Say Ah: What’s in Your Mouth?

mouthSnoring is a common sleep disorder although many just brush it off. Some people think snoring is caused solely by eating or drinking too much before bed, sleeping on your back or being sick. While these can contribute to snoring, the fact of the matter is that there are physical components of snoring. While you sleep your whole body relaxes, right? The means more than just your mind; your muscles relax as well. When the muscles in your mouth and throat relax they can cause your tongue to fall to the back of your throat and block your airways.

This causes that snoring sound we are all too familiar with. The kind that can only be remedied with a stop snoring mouthpiece like the ZQuiet (http://snoringmouthpiecereview.org/zquiet). If the situation is intense, snoring may also be a sign of sleep apnea. Sleep apnea is a disorder that causes a person to stop breathing completely, for a few seconds, dozens of times a night. There are other physical betrayals for sleep apnea:

Enlarged uvula can lead to snoring and obstructive sleep apnea. Among normal adults, 45 percent are occasional snorers and 25 percent are habitual snorers. Most commonly seen in males, snoring may be a result of an obstruction, so it should be considered a serious symptom to address with your doctor.

There are numerous causes for snoring, including poor muscle tone of the tongue and throat, excessive bulkiness of throat tissue, long soft palate or uvula, or obstructed nasal airways.

Snoring can result in a health condition known as obstructive sleep apnea (OSA), which is when a person stops breathing numerous times throughout the night.
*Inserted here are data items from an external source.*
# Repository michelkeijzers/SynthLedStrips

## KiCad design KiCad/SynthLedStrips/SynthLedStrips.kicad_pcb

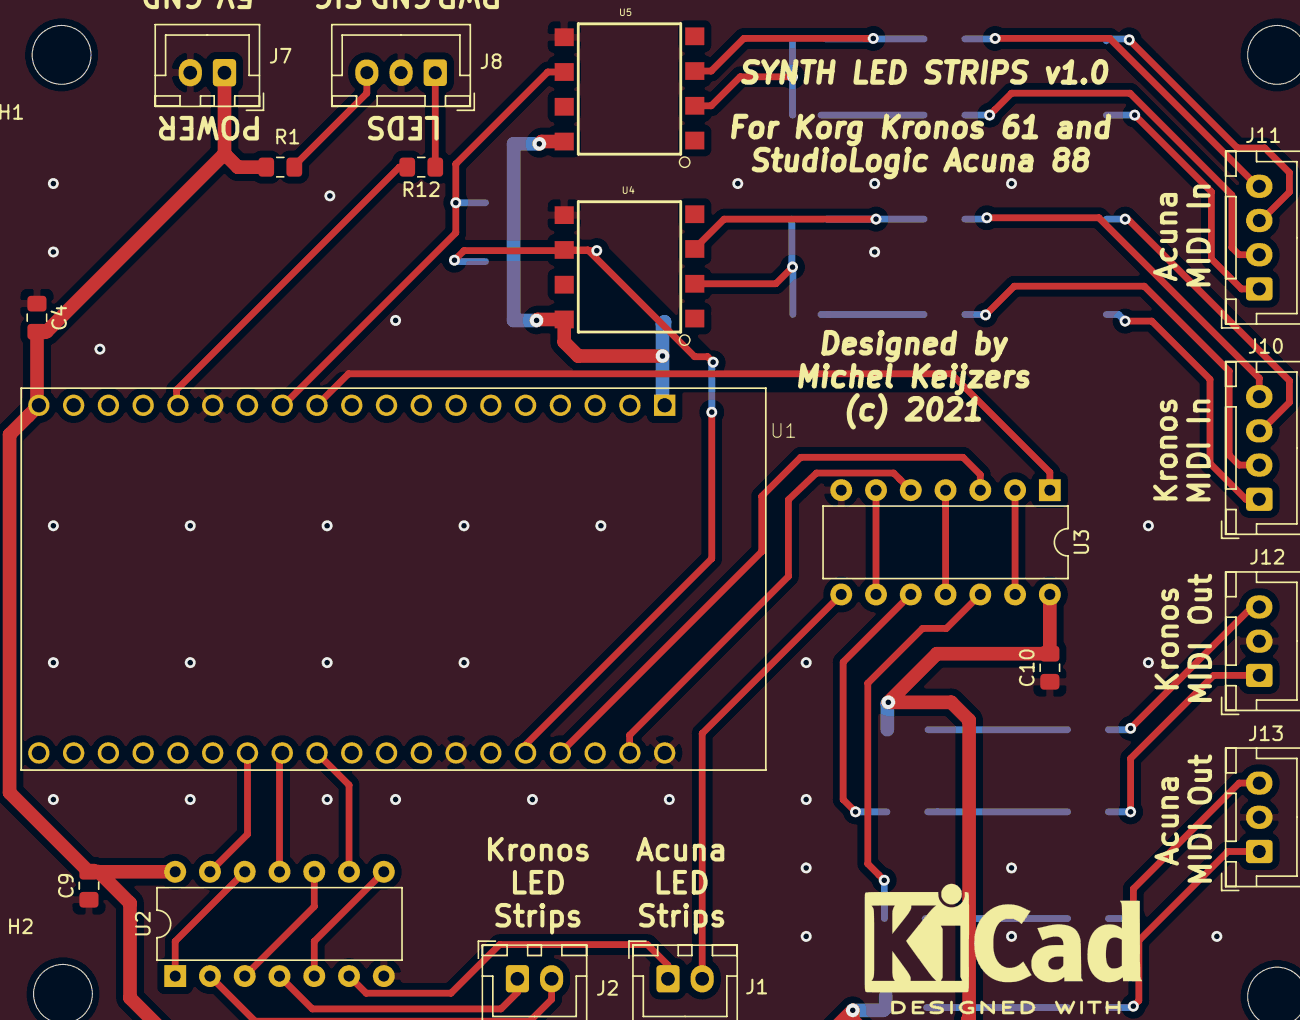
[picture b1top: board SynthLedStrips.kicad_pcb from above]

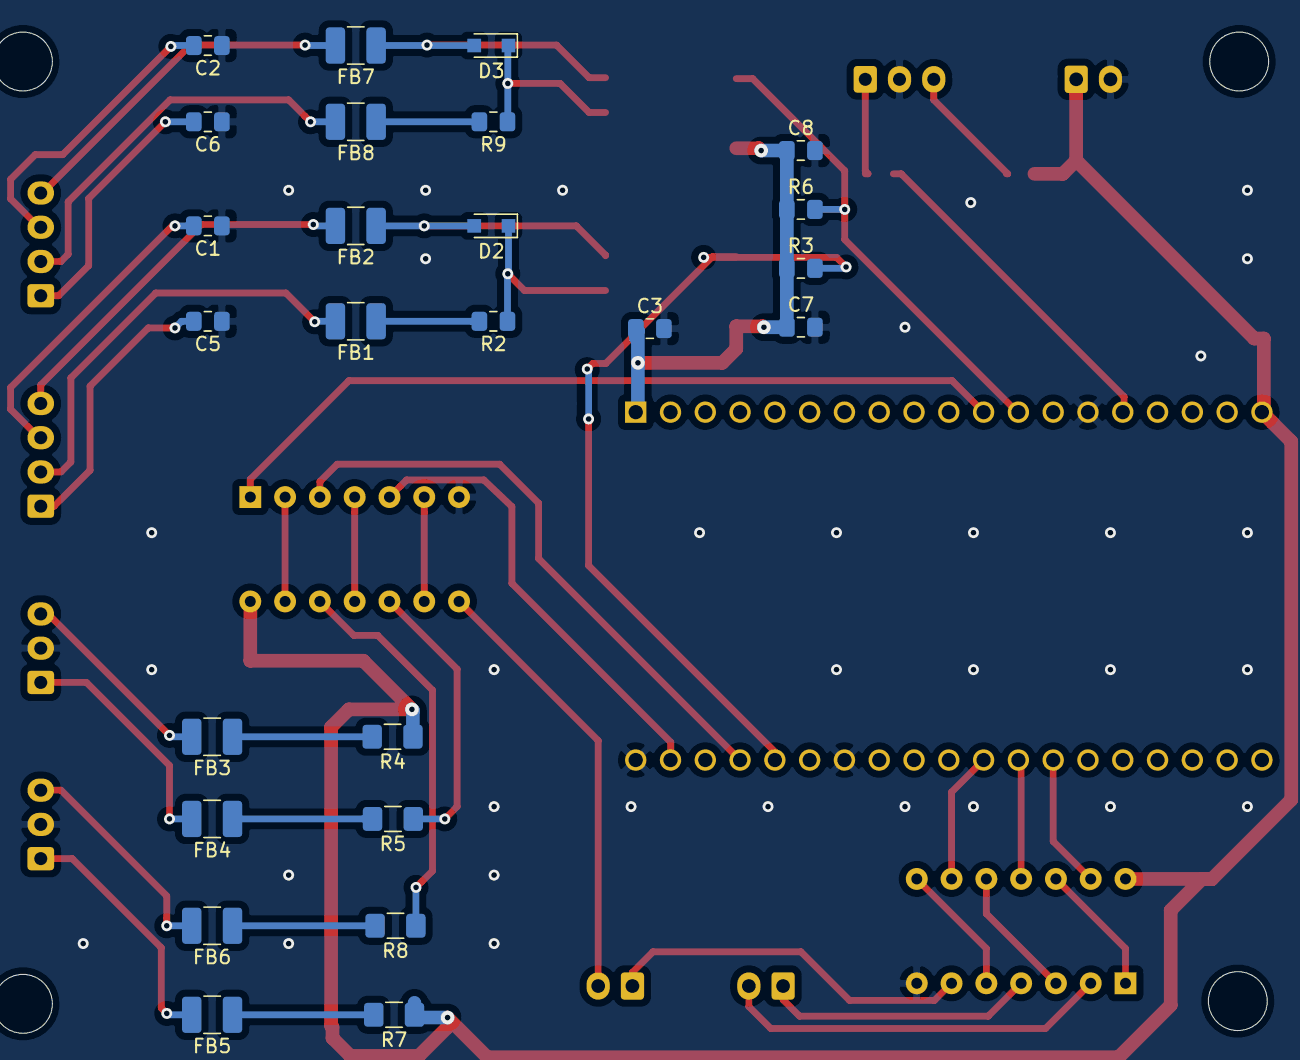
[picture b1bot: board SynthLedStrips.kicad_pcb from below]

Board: 2 copper layers, 47 parts (25 on the bottom side), 48 nets.

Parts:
C1, C2, C3, C4, C5, C6, C7, C8, C9, C10: 0.1uF; C_0805_2012Metric_Pad1.15x1.40mm_HandSolder
D2, D3: 1N4148; D_SOD-323_HandSoldering
FB1, FB2, FB3, FB4, FB5, FB6, FB7, FB8: 1K@100MHz; Fuse_1210_3225Metric_Pad1.42x2.65mm_HandSolder
H1, H2, H3, H4: MountingHole; MountingHole_4.3mm_M4
J1: XH Acuna LED Strips; JST_XH_B2B-XH-A_1x02_P2.50mm_Vertical
J2: XH Kronos LED Strips; JST_XH_B2B-XH-A_1x02_P2.50mm_Vertical
J7: XH Power; JST_XH_B2B-XH-A_1x02_P2.50mm_Vertical
J8: XH LEDs; JST_XH_B3B-XH-A_1x03_P2.50mm_Vertical
J10: XH Kronos MIDI In; JST_XH_B4B-XH-A_1x04_P2.50mm_Vertical
J11: XH Acuna In; JST_XH_B4B-XH-A_1x04_P2.50mm_Vertical
J12: XH Kronos MIDI Out; JST_XH_B3B-XH-A_1x03_P2.50mm_Vertical
J13: XH Acuna Out; JST_XH_B3B-XH-A_1x03_P2.50mm_Vertical
R1, R12: 330R; R_0805_2012Metric_Pad1.15x1.40mm_HandSolder
R2, R9: 220R; R_0805_2012Metric_Pad1.15x1.40mm_HandSolder
R3, R6: 10K; R_0805_2012Metric_Pad1.15x1.40mm_HandSolder
R4, R5, R7, R8: 220R 5% 0.25W; R_1206_3216Metric_Pad1.42x1.75mm_HandSolder
U1: ESP32-DEVKITC-32D; MODULE_ESP32-DEVKITC-32D
U2, U3: 74HC14; DIP-14_W7.62mm
U4, U5: 6N137; 8-SMD

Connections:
+3V3: C3.1, C7.1, C8.1, R3.1, R6.1, U1.1, U4.8, U5.8
+5V: C4.2, C9.2, C10.2, J7.1, R1.2, R4.1, R7.1, U1.19, U2.14, U3.14
/ACUNA_LED_STRIP_BACK: U1.21, U3.5
/ACUNA_LED_STRIP_FRONT: U1.30, U2.9
/ACUNA_MIDI_IN: R6.2, U1.12, U5.6
/ACUNA_MIDI_OUT: U1.11, U3.1
/KRONOS_LED_STRIP_BACK: U1.32, U2.13
/KRONOS_LED_STRIP_FRONT: U1.31, U2.11
/KRONOS_MIDI_IN: R3.2, U1.24, U4.6
/KRONOS_MIDI_OUT: U1.23, U3.3
/SIGNAL_LED: R12.2, U1.15
GND: C1.1, C2.1, C3.2, C4.1, C5.1, C6.1, C7.2, C8.2, C9.1, C10.1, J7.2, J8.2, J12.2, J13.2, U1.14, U1.20, U1.26, U2.7, U3.7, U4.5, U5.5
unnamed: C1.2, J10.3
unnamed: C2.2, J11.3
unnamed: C5.2, J10.1
unnamed: C6.2, J11.1
unnamed: J8.3, R1.1
unnamed: D2.1, R2.1, U4.2
unnamed: D2.2, FB2.1, U4.3
unnamed: D3.1, R9.1, U5.2
unnamed: D3.2, FB7.1, U5.3
unnamed: J8.1, R12.1
unnamed: FB1.1, R2.2
unnamed: FB1.2, J10.2
unnamed: FB2.2, J10.4
unnamed: FB3.1, R4.2
unnamed: FB3.2, J12.3
unnamed: FB4.1, R5.2
unnamed: FB4.2, J12.1
unnamed: FB5.1, R7.2
unnamed: FB5.2, J13.1
unnamed: FB6.1, R8.2
unnamed: FB6.2, J13.3
unnamed: FB7.2, J11.4
unnamed: FB8.1, R9.2
unnamed: FB8.2, J11.2
unnamed: J1.1, U2.6
unnamed: J1.2, U3.8
unnamed: J2.1, U2.4
unnamed: J2.2, U2.2
unnamed: R5.1, U3.10
unnamed: R8.1, U3.12
unnamed: U2.1, U2.12
unnamed: U2.5, U2.8
unnamed: U2.3, U2.10
unnamed: U3.6, U3.9
unnamed: U3.4, U3.11
unnamed: U3.2, U3.13

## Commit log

2021-02-25 Add .gitignore and .gitattributes.
2021-02-25 Add project files.
2021-02-25 First version
2021-02-25 First compile.
2021-02-28 Knightrider works
2021-03-02 MIDI initial part
2021-03-02 MidiKeyboard start
2021-03-04 Colors, time and speed for parameters
2021-03-04 Color changing
2021-03-05 Architectural changes/bug fixes
2021-03-07 Speed and Times
2021-03-08 colors, speed, times, MIDI On/off pattern changes
2021-03-08 Pattern classes and placement new.
2021-03-08 Pattern MIDI Note on/off, not working yet
2021-03-09 Fade MIDI note ON for MIDI note on/off pattern, next: Fade MIDI note OFF
2021-03-09 Fade time On/off working
2021-03-10 Rainbow color for Knight rider, math utils refactored, removed serial print.
2021-03-10 End of file empty lines cleanup
2021-03-11 Fixing patterns
2021-03-11 Fixed knight rider speeds
2021-03-15 Keys = # Back LEDs, various other changes
2021-03-16 Major refactoring
2021-03-16 Cleanup
2021-03-16 Current protection
2021-03-19 Galaxy color, although stuttering
2021-03-21 ESP32
2021-03-22 Removed Time and Speed enums
2021-03-22 Created MidiNote, removed counter.
2021-03-23 Fixed bug for uint8_t use for leds which can be higher than 128.
2021-03-26 Crash
2021-03-28 NULL -> nullptr
2021-03-28 Crash fixed, midi note on/off pattern still doesn't do anything
2021-03-29 Fixed sideways movement for MIDI note on/off pattern
2021-03-29 Changed most speeds to times.
2021-03-29 Cleaned up, removed empty destructors, constexpr
2021-04-01 Various, name change
2021-04-06 OTA changes and more.
2021-04-07 Midi Inject/MIDI channel
2021-04-07 Coped backup after wrong merge
2021-04-07 Bug fixed.
2021-04-12 config file
2021-04-21 Reading configuration
2021-04-22 Splits, Off and Knight Rider works again with configuration. MIDI note on/of has a bug (shows range instead of fading notes)
2021-04-29 Fixes regarding MIDI note on/off (still not working correctly), adding char to print.
2021-06-01 Fixed bug
2021-06-01 KiCad files
2021-06-09 KiCad project

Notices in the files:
KiCad/SynthLedStrips/SynthLedStrips.kicad_pcb:
(c) 2021

Being overweight or having high blood pressure can contribute to OSA, but another common cause is an enlarged uvula, the dangling piece of flesh at the back of the mouth.

The role of uvula is not fully understood, but its possible functions are assisting with speech formation and production of saliva.

Inflamed or swollen uvula is the main symptom of a health condition uvulitis, which can contribute to sleep apnea. If the uvula becomes very swollen, it may even reach the tongue, causing an obstruction. Other signs and symptoms of a swollen uvula include redness, as well as difficulty breathing or swallowing.

If your uvulitis does lead to sleep apnea, you may also suffer from high blood pressure, daytime headache, constant low energy or fatigue, and weight gain. Treating enlarged uvula and sleep apnea is important for reducing your risk of complications.

Enlarged uvula treatment methods

You should see a doctor for your enlarged uvula if you experience severe pain, difficulty breathing, uneasiness due to lack of oxygen, severe pain or difficulty swallowing, grunting and choking, pus or blood from the uvula, or if you stop breathing throughout the night.

Via: http://www.belmarrahealth.com/enlarged-uvula-can-lead-to-snoring-and-obstructive-sleep-apnea/

Snoring can be a very real indicator that you or someone you love suffers from sleep apnea. The problem with this disease is that it can often go undiagnosed for those who live alone or for those who brush off their snoring issue. It is imperative if you snore, and have continued to do so even after you’ve tried to stop it, that you meet with a health care professional. You may need to undergo testing in a sleep lab to find out if you suffer from sleep apnea. Don’t wait until it’s too late!